I was not at Vegas,but if I can swing that Monday off I'm game.It's a pretty cheap flight to Chicago.Is it open or invite only


----------



## Dogwatch Dale-cl (Sep 7, 2005)

icehog3 said:


> Would be great to meet you, D.D.!!


Ditto here 'hog! Hoping I can make it.


----------



## kurtdesign1 (Jan 29, 2006)

dlevine1 said:


> I was not at Vegas,but if I can swing that Monday off I'm game.It's a pretty cheap flight to Chicago.Is it open or invite only


I'll tell you what, why don't you & anyone else interested in attending PM me and we can work something out. It may take a few days, but we'll have a resolution for all of you!


----------



## icehog3 (Feb 20, 2005)

Now it looks like I will be out of town until the 17th of Sept., hopefully my flight will get in early enough for me to still make it. I don't have the flight info yet.


----------



## kurtdesign1 (Jan 29, 2006)

icehog3 said:


> Now it looks like I will be out of town until the 17th of Sept., hopefully my flight will get in early enough for me to still make it. I don't have the flight info yet.

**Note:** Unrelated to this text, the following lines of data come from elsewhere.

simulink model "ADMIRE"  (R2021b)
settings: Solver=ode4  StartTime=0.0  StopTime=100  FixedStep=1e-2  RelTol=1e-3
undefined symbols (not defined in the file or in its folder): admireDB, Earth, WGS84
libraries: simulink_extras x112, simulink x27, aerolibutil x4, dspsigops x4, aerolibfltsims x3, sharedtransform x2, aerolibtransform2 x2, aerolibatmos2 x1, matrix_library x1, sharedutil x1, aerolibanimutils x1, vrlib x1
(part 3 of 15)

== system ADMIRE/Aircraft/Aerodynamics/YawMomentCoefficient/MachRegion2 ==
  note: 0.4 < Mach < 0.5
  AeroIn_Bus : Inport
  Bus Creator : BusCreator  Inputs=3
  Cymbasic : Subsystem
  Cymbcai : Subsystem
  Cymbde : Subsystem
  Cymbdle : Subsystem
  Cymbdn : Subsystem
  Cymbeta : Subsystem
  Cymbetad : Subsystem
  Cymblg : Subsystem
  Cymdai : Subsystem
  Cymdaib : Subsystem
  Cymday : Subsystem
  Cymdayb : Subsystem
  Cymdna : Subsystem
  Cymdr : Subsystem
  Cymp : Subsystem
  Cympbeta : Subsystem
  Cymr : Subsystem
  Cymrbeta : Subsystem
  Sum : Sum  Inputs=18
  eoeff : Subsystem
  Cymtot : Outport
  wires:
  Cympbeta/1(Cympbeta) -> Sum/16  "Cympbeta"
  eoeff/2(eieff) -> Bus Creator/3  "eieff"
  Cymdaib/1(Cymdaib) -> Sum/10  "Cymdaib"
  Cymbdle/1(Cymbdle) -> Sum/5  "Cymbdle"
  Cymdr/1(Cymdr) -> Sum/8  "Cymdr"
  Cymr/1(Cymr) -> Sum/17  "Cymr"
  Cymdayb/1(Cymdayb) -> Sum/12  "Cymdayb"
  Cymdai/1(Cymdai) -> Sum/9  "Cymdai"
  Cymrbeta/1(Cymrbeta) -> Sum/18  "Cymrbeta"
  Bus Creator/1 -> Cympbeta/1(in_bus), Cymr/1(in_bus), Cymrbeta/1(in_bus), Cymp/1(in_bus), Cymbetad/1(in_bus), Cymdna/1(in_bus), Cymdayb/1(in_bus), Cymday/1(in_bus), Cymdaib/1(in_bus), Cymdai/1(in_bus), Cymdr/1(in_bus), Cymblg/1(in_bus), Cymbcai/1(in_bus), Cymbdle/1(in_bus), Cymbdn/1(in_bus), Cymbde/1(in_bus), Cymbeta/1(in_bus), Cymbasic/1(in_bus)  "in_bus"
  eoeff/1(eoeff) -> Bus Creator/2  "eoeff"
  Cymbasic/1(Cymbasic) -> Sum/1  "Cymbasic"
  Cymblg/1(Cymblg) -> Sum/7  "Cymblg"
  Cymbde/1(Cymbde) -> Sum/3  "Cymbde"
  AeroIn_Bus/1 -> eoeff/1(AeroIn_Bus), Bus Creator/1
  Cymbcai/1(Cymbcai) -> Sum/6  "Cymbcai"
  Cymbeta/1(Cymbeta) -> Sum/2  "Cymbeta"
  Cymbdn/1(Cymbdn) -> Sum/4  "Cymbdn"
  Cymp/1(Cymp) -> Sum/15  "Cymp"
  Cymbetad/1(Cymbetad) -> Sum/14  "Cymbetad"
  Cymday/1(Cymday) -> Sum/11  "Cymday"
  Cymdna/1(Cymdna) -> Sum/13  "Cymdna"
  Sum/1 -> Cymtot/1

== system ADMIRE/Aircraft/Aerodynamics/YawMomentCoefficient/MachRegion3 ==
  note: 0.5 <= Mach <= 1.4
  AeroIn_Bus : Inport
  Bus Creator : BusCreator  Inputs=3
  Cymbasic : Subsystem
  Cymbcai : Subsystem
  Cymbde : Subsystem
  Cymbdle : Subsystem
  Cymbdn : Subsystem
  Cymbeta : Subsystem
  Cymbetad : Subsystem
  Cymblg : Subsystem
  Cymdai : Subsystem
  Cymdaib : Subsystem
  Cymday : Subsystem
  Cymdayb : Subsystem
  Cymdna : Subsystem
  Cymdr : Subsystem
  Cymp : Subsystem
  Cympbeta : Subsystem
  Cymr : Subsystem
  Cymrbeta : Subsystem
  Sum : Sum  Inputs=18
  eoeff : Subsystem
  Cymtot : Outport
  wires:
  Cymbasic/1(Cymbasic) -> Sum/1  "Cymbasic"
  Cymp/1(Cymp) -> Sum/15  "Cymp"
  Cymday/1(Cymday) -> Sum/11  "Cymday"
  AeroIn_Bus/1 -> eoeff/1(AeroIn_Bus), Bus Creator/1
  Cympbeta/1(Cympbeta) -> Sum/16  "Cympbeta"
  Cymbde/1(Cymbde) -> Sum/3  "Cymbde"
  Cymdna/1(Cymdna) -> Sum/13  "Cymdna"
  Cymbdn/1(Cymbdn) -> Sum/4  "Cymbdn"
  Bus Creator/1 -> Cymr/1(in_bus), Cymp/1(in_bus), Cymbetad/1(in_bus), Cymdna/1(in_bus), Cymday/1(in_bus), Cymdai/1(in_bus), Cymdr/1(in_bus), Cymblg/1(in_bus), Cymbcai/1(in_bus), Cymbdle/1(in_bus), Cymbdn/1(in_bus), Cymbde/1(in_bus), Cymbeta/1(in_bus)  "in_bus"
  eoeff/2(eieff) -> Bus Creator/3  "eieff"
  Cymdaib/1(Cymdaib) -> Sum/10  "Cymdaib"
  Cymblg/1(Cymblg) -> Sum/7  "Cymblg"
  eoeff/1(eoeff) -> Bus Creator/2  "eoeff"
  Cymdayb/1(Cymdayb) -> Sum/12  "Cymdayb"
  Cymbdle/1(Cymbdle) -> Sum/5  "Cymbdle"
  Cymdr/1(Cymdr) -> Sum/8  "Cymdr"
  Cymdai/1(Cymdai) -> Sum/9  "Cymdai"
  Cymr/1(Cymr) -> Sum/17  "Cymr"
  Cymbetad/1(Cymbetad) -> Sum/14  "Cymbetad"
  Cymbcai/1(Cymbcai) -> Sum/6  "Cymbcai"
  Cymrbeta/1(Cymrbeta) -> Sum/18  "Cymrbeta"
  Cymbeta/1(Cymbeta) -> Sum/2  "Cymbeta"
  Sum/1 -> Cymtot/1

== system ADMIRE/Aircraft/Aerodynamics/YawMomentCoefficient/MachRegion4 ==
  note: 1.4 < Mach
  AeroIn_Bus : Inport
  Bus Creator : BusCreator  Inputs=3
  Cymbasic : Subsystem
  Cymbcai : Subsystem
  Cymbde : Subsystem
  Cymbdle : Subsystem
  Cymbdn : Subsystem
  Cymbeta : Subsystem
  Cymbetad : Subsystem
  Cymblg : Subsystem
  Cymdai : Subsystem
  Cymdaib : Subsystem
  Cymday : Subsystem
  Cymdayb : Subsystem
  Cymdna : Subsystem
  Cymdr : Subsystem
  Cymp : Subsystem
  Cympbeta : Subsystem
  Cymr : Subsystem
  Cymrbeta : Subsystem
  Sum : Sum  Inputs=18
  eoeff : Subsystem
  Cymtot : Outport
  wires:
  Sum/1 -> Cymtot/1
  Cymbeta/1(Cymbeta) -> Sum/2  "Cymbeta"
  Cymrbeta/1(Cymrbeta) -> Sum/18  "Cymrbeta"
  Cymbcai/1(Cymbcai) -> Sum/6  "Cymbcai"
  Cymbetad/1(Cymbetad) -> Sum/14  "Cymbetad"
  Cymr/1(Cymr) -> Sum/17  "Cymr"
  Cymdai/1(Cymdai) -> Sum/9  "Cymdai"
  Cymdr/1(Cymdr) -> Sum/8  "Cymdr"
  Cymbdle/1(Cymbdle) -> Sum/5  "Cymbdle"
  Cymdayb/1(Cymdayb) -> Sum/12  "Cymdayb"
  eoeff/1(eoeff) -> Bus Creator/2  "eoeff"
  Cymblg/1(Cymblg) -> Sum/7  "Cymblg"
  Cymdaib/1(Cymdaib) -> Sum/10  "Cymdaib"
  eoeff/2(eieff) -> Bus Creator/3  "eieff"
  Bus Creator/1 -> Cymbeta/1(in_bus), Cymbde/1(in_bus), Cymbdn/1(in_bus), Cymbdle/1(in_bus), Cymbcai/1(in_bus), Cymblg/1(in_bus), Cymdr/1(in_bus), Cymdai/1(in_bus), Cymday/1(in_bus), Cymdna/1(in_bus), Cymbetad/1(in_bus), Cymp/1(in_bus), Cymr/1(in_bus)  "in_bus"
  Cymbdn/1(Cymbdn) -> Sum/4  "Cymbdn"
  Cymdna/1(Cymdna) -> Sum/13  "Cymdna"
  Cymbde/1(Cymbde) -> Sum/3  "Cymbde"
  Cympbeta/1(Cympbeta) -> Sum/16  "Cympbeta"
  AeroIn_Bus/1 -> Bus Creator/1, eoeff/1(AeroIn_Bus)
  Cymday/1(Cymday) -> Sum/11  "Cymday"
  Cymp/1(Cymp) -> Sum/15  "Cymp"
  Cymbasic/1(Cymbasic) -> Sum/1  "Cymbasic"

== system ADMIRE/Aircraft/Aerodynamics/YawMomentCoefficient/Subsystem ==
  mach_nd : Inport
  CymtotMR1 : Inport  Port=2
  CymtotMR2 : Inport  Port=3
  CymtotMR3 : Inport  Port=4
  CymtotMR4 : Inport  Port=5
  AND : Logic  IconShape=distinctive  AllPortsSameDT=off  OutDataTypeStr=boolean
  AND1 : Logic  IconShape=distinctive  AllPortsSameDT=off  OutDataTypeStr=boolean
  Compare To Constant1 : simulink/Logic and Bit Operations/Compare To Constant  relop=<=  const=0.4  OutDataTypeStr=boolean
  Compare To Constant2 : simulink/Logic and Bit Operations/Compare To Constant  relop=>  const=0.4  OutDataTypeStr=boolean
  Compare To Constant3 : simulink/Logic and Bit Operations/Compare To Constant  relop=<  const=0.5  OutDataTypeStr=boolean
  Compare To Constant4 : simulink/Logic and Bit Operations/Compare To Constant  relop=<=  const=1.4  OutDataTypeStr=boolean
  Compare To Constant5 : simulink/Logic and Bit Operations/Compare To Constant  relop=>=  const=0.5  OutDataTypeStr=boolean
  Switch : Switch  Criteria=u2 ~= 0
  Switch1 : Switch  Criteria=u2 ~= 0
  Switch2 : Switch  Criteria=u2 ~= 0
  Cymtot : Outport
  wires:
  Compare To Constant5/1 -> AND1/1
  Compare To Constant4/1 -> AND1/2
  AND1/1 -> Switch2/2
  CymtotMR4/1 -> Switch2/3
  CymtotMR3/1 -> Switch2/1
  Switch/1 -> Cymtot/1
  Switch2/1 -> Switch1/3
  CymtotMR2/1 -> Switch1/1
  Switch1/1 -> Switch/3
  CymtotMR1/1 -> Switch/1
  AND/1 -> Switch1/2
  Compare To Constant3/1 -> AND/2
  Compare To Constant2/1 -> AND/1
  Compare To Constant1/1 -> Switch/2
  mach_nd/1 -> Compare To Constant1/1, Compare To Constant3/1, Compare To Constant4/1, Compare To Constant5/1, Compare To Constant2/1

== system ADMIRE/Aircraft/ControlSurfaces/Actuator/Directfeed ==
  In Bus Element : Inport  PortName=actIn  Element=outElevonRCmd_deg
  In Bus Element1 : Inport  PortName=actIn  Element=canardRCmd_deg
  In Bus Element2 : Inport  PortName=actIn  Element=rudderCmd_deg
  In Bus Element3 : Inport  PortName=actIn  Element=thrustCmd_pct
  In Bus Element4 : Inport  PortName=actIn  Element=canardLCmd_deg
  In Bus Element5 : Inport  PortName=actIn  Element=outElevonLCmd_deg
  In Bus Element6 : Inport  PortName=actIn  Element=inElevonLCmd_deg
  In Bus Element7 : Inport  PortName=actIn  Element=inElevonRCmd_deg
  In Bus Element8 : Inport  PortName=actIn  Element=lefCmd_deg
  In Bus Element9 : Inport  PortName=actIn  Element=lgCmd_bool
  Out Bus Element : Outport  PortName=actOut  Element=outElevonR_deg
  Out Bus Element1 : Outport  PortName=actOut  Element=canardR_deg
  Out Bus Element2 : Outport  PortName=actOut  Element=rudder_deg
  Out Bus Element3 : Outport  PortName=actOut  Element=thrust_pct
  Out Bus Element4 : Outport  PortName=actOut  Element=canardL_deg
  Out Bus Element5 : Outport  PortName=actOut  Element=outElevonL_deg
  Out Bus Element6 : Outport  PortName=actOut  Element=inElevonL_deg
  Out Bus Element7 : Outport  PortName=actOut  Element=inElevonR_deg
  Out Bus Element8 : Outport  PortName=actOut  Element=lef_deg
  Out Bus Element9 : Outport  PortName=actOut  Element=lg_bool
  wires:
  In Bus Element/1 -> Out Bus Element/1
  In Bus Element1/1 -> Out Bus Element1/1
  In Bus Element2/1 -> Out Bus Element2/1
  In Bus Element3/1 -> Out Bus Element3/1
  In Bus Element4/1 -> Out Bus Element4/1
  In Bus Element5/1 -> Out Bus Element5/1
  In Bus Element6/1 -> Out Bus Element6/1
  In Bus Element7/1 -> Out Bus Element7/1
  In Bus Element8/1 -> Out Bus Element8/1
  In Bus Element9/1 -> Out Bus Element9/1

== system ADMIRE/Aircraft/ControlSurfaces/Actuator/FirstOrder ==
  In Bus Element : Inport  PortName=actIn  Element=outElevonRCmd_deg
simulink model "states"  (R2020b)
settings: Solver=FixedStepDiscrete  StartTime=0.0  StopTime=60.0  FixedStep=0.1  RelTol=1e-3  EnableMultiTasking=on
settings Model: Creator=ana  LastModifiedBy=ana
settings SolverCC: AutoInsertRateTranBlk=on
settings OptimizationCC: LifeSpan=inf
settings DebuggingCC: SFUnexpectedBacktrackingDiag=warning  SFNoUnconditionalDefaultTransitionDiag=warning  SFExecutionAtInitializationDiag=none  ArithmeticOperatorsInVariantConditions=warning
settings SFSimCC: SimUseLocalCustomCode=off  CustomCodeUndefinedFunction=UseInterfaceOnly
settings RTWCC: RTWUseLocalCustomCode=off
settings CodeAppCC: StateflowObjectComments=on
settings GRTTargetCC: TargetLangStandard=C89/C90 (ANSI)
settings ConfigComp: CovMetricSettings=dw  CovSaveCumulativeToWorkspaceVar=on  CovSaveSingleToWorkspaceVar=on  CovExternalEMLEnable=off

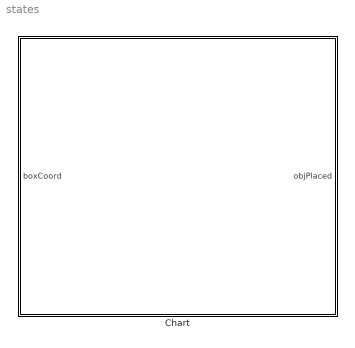
== system states ==
  Chart : Stateflow chart  TreatAsAtomicUnit=on

== stateflow chart states/Chart ==
  state HomePosition
    entry:
    % robot coordinates as input from environment
    % periodically check if there are any objects to be picked up
  state DetectObject
    % detect object with sensors and pass on coordinates
    [objDetected, objCoord] = SensorDetection();
  state Execute
    entry:
    stopConveyor();
    objPicked = false;
    objPlaced = false;
    state Pick
      state ComputeGraspPose
        % at the top of the object
        graspCoord = GraspPose(objCoord);
      state MoveToReachPosition
        % move from current home
        % position to the grasp pose
        send(grabCoord, Dynamic)
      state PickUpObject
        % activate gripper
      state MoveToRetractedPosition
        % move from grasp pose to
        % retracted position
        exit:
        objPicked = true;
      (default) -> ComputeGraspPose
      ComputeGraspPose -> MoveToReachPosition
      PickUpObject -> Execute.Pick.MoveToRetractedPosition
      MoveToReachPosition -> PickUpObject
    state Place
      state ComputePlacementPosition
        % call placement algorithm to
        % get position
        placeCoord = PlacementAlgorithm(objCoord, boxCoord);
      state MoveToRetractedPosition
        % move from current placement
        % position to the retracted pose
        exit:
        objPlaced = true;
      state MoveToPlacementPosition
        % move from current retracted
        % position to the placement pose
        send(placeCoord, Dynamic)
      state PlaceObject
        % deactivate gripper
      (default) -> ComputePlacementPosition
      ComputePlacementPosition -> MoveToPlacementPosition
      PlaceObject -> Execute.Place.MoveToRetractedPosition
      MoveToPlacementPosition -> PlaceObject
    (default) -> Pick
    Pick -> Place : [objPicked]
  (default) -> HomePosition
  HomePosition -> DetectObject : after(1, sec)
  Place -> HomePosition : [objPlaced]
  DetectObject -> HomePosition [order 2] : [~objDetected]
  DetectObject -> Execute [order 1] : [objDetected]
  data: boxCoord input; objPicked local; objDetected local; placeCoord local; objCoord local; graspCoord local; objPlaced output; grabCoord local
  events: stopConveyor local FUNCTION_CALL_EVENT
  function SensorDetection:
    | function SensorDetection
  function GraspPose:
    | function GraspPose
  function PlacementAlgorithm:
    | function PlacementAlgorithm

Our main herf hours will be on Sunday from 1pm -7pm at the cigar bar in question. We're more than welcome to Pre-herf around the local bars on Saturday if any are interested. Plus, Sun morn we can hit some of the local breakfast spots for a Pre-herf get together.

Again, PM me if there's ANY interest


----------



## M1903A1 (Jun 7, 2006)

Why do my local herfs always come up when I'm tied down someplace else?????:c

Maybe another time guys....


----------



## kurtdesign1 (Jan 29, 2006)

Ok guys, time to start finalizing things so I can get an idea of how many people I definately have coming. I need an RSVP so I can reserve food soon for all you gorillas! Thanks


----------



## icehog3 (Feb 20, 2005)

Craig, my trip in Sept. was cancelled, so I am in! I'll send a PM too...look forward to seeing you my friend.


----------



## MikeZ (Sep 23, 2005)

Count me there. Thanks!


----------



## icehog3 (Feb 20, 2005)

MikeZ said:


> Count me there. Thanks!


Cool Mike...hopefully Carlos will come to town and we can herf before this too!


----------



## Dogwatch Dale-cl (Sep 7, 2005)

Big doin's here at work scheduled for that time frame now, so I'm not going to get off work. Craig, I'll see you here in Colo next week, but I won't be able to make your herf.


----------



## stashu (Aug 12, 2006)

Is this still on?

As we are just a couple of weeks away, this may be a possibility for me.


----------



## kurtdesign1 (Jan 29, 2006)

Oh yeah, this is still on & getting better each day!!

Food order was placed last week from the restaurant associated with the cigar bar & it will not dissapoint! 

I'm still workign on a pretty cool surprise
plus

the auction should be great! Lots of cool singles, accessories (humi's, books, equipment, etc) & some boxes of nice stuff too. 

PM me with any questions guys. I'd love to speak with anyone & get the guest list up even higher!


----------



## kurtdesign1 (Jan 29, 2006)

Hey boys, respond away!!!
One week to go!


----------



## Moglman-cl (May 27, 2005)

Dogwatch Dale said:


> Big doin's here at work scheduled for that time frame now, so I'm not going to get off work. Craig, I'll see you here in Colo next week, but I won't be able to make your herf.


Craig's coming to Colorado???

 

Hmmm, what say you guys?


----------



## kurtdesign1 (Jan 29, 2006)

Moglman said:


> Craig's coming to Colorado???
> 
> 
> 
> Hmmm, what say you guys?


DOH! I'm so sorry bro. Should have let you know. It was a short time that I got to Herf with our main man Dale cause I ended up getting engaged while I was there. I'll be around again during the holidays & will certainly let you know.
Best-
Craig


----------



## MikeZ (Sep 23, 2005)

Craig,

Still looking forward to the big get together. Is the Mon/Thurs herf still happening this week?


----------



## kurtdesign1 (Jan 29, 2006)

MikeZ said:


> Craig,
> 
> Still looking forward to the big get together. Is the Mon/Thurs herf still happening this week?


Damn, I can't wait for the 17th! It should be great. Steve (my co-conspiritor) called me tonight with a list of more great bros who will be attending. CAN NOT WAIT!

Yeah, Mike...
Mon/Thurs is ALWAYS on! This past week "18" was closed so we had to postpone. Come on out & smoke that Sancho Sancho I gave you. You won't be dissapointed! Be warned, the first one I was gifted prompted me to buy a box of em! The 97s (which is what I gave you) are top-notch.

COME ONE, COME ALL!

:z


----------



## kurtdesign1 (Jan 29, 2006)

Getting close boys! PM me with any questions on directions or what to bring. Our auction will partially be based off of what YOU bring. Lets have some fun!!


----------